# Brush Hog - Gotta make up my mind.



## jpollman (Jan 14, 2001)

I just stumbled across a deal that looks too good to pass up. I've got about an acre and a half and half of it is woods. Been here ten years and keeping the woods maintained is a big job. The edges of the woods are overgrown brush that needs to be cleaned up. I was at a rental place checking the price for a days rental. They have two machines and they both look very good but one looks almost new. I know the guy that runs the place pretty well and he came out of the back room and I asked about them. He said that they just got a brand new one. I asked the price for a 24 hour rental and he told me what it was but then said "I'll sell ya one of them for $450". I was shocked. I figured it had blown up or something. He said no and that it ran and worked fine but it needs a new clutch. He said that he'd buy the clutch and give it to me with the machine and installation instructions. He said that the machine sells for about $2800 new and that if he fixes it he's going to get it running and put it up for sale for a grand. It's about 4-1/2 years old. I doubt that it would be that difficult to install a clutch so I'm really considering taking a chance and picking it up. It's got a 13 HP Honda engine. I bet it would do a great job keeping the perimeter of my woods cleaned up. Also, my dad could use it on a couple areas of his property and he owns some property in Troy with a building on it that needs to be maintained now and then too. 

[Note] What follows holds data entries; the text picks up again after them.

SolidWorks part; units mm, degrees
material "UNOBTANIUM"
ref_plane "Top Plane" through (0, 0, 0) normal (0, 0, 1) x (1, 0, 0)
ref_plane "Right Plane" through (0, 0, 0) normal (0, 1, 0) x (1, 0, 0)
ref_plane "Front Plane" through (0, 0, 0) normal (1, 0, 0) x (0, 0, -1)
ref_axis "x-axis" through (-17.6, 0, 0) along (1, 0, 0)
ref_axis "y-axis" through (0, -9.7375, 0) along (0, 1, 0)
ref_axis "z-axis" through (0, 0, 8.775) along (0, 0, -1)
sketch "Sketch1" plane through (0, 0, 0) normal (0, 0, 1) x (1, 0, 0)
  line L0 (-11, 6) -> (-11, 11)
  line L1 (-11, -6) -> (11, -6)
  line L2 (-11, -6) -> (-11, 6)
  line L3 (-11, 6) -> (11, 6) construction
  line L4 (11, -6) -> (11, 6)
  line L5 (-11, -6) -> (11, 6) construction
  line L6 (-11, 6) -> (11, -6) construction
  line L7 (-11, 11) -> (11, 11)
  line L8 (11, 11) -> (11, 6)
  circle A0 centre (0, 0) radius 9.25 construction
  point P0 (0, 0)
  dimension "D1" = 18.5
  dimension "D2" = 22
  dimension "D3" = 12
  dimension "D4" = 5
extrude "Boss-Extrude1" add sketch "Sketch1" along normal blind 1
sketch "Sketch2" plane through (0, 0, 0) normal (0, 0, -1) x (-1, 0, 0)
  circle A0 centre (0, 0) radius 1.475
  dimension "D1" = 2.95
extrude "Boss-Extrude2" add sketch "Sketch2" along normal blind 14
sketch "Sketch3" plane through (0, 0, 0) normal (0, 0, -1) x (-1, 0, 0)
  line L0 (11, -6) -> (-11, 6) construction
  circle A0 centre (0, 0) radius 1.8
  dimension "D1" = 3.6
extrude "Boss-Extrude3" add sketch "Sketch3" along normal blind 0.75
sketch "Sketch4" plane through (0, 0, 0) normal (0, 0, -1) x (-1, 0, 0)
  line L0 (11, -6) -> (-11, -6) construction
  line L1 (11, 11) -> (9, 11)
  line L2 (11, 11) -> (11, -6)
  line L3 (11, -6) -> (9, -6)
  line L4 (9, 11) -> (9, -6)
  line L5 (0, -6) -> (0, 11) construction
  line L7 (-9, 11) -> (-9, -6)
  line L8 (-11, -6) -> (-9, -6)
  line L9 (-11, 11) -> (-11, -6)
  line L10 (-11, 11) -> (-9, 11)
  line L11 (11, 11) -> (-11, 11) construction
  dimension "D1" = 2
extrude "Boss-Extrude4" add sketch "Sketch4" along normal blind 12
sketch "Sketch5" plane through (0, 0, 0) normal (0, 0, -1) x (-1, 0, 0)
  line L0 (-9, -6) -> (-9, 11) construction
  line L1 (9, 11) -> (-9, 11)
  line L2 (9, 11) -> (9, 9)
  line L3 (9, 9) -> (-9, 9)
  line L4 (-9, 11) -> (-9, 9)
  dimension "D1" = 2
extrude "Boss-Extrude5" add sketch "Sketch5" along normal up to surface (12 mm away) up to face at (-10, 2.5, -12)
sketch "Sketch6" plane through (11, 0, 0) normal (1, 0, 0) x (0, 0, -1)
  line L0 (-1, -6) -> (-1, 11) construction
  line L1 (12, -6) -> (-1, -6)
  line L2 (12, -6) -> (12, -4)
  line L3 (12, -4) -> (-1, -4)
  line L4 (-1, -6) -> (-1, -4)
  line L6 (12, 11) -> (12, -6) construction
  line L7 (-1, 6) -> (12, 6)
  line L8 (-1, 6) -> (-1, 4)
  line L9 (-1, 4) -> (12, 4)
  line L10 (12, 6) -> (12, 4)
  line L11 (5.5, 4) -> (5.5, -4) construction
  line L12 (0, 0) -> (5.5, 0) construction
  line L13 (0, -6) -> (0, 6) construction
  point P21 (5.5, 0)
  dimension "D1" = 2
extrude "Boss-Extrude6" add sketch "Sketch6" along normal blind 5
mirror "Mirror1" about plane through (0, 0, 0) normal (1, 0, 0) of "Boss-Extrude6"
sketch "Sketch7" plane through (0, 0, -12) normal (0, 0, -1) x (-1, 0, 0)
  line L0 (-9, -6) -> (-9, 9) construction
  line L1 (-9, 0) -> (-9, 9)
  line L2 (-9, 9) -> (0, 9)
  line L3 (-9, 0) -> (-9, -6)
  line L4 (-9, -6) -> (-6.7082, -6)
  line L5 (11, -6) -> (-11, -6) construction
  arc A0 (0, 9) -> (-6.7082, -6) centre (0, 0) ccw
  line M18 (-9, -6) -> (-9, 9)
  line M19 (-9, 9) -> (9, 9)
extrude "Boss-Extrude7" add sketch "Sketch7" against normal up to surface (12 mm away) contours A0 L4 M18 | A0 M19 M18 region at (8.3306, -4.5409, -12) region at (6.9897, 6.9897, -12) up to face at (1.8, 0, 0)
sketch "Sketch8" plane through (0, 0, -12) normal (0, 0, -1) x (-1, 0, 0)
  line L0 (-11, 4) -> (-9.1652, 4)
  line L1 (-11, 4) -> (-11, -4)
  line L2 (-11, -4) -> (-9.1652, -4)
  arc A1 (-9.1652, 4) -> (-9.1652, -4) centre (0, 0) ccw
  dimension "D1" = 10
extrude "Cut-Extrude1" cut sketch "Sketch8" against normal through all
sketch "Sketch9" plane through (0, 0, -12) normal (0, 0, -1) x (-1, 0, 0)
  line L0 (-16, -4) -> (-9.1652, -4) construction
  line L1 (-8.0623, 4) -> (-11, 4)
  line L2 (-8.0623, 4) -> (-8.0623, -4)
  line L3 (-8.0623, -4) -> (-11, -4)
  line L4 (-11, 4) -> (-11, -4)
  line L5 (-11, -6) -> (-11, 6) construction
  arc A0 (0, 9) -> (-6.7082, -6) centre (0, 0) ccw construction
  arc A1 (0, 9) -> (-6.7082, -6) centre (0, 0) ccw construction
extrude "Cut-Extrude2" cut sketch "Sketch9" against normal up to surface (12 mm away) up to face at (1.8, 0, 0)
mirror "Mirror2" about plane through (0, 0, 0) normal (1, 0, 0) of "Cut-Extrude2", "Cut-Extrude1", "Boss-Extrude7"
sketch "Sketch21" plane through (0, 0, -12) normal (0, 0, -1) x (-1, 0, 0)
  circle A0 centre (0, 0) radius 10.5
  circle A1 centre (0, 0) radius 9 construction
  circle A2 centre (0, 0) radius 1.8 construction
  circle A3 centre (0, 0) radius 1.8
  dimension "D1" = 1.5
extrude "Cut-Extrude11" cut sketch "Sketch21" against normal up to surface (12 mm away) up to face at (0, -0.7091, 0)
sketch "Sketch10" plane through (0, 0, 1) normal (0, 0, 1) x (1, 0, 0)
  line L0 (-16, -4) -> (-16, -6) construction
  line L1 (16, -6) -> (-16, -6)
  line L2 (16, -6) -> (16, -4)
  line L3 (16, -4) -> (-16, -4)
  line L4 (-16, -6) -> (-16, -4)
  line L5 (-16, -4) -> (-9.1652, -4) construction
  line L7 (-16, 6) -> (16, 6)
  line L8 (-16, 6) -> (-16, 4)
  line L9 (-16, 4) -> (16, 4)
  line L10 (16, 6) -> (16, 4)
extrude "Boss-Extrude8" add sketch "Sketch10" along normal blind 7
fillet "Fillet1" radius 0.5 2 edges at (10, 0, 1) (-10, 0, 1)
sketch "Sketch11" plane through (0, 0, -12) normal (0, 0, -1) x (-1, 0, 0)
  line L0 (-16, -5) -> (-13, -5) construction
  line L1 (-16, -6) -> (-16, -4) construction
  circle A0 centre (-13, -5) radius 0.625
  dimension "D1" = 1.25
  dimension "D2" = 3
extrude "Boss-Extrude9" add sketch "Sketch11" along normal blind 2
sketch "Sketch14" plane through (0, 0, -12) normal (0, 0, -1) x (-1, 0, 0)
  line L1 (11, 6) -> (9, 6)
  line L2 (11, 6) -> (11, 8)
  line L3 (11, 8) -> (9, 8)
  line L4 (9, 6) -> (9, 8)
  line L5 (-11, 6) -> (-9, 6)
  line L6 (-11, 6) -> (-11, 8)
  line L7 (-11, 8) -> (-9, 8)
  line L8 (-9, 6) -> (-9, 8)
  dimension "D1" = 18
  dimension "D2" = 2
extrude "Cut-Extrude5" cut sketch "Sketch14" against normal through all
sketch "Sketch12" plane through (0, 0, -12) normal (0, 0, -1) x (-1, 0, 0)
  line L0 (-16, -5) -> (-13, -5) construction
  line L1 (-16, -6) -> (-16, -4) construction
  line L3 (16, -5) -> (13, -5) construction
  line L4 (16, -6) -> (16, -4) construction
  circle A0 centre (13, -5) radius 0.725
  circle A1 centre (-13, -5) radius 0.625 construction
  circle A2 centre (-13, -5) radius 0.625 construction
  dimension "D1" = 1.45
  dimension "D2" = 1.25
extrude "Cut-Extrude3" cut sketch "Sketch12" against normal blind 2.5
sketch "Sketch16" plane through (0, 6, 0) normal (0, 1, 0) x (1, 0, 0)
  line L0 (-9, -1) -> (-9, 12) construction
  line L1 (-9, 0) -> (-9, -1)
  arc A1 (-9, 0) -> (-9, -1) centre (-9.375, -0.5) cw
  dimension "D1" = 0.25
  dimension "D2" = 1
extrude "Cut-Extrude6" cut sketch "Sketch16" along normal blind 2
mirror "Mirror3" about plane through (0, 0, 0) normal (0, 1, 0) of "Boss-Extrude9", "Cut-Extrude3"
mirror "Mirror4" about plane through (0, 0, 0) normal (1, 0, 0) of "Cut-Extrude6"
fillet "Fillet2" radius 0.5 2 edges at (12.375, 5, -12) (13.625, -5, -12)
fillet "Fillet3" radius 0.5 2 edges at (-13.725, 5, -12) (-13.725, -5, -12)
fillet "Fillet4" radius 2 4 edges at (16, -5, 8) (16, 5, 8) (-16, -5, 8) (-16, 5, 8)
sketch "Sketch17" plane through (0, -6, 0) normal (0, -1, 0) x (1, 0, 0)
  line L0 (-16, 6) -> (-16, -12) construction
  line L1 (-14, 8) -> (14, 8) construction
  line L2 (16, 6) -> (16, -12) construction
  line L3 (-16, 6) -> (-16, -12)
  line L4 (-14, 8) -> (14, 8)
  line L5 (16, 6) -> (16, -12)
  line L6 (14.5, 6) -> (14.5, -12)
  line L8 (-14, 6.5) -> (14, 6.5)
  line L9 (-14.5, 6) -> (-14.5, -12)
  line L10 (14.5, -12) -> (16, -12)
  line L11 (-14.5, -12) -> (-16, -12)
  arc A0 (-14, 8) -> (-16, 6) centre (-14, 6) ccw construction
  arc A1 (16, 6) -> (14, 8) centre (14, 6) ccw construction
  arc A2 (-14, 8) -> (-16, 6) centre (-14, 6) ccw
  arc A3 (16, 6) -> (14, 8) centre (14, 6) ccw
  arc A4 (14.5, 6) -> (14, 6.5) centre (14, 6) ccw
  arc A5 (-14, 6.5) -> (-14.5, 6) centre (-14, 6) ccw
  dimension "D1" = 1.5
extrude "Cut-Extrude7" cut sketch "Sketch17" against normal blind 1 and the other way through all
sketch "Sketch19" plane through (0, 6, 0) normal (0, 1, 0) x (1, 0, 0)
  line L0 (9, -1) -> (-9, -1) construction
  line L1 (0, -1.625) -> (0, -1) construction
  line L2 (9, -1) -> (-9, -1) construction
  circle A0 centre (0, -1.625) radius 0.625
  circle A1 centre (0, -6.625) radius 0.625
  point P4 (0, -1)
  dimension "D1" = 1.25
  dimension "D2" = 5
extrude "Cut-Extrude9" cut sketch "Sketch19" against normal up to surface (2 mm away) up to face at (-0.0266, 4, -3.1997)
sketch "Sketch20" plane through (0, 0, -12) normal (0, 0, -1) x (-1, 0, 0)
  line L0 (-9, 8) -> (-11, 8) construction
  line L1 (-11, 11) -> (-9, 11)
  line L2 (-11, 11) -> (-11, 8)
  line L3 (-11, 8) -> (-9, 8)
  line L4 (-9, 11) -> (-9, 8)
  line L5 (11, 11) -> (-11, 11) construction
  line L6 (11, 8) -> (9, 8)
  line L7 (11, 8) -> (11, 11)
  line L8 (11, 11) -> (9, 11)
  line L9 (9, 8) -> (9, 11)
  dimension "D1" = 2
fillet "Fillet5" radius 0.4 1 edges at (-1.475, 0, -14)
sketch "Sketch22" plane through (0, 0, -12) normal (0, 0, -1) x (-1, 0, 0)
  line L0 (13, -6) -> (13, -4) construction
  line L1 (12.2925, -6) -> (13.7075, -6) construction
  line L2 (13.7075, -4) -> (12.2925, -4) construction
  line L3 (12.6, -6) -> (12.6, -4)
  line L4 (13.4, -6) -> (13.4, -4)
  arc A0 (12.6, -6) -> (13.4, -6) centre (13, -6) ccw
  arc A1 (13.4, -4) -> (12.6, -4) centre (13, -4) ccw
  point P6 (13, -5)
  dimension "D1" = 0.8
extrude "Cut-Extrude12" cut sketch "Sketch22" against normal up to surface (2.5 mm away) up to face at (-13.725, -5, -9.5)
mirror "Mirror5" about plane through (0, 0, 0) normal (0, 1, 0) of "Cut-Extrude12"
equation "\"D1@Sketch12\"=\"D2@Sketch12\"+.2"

I know what these things are for but have never actually used one. To those of you that have, how well do they work? I'm just curious to find out before I drop the coin.

Thanks for any input you may have!

John


----------



## langkg (Oct 26, 2004)

Providing the unit isn't too banged up that's about the ball park for a used brush hog. Couple of questions:

What brand? Is it a higher end brand like Bush Hog, Woods, Rhino, etc or is it one of the lower end units like a Howse or King Kutter? I had a banged up old Howse that I rebuilt and used for years without trouble but if you're getting a higher end unit for $450 all the better. My current cutter is a Bush Hog Squeeler and it's sweet.

How big is this unit and how much tractor do you have to turn it? For your scope of work a 4 or 5 footer would be fine assuming you have at least 18-20 hp off of your PTO

What shape is the cutter in at this time? Most rental stuff gets banged up pretty good especially something like a rotary cutter. Given that it needs a new clutch would indicate to me that it's sat around outside a lot or been used really hard. Is the sheet metal in good shape? How are the blades? bent? excessivly worn? Is the driveshaft guard in place and opperable?

I'd stay away from a lower end unit if you're going to cut a lot of brush. My old Howse did fine on grasss and light brush so it suited my purposes. A Bush Hog or Rhino or the like is generally built with heavier guauge steel (although Howse and the others make various duty models).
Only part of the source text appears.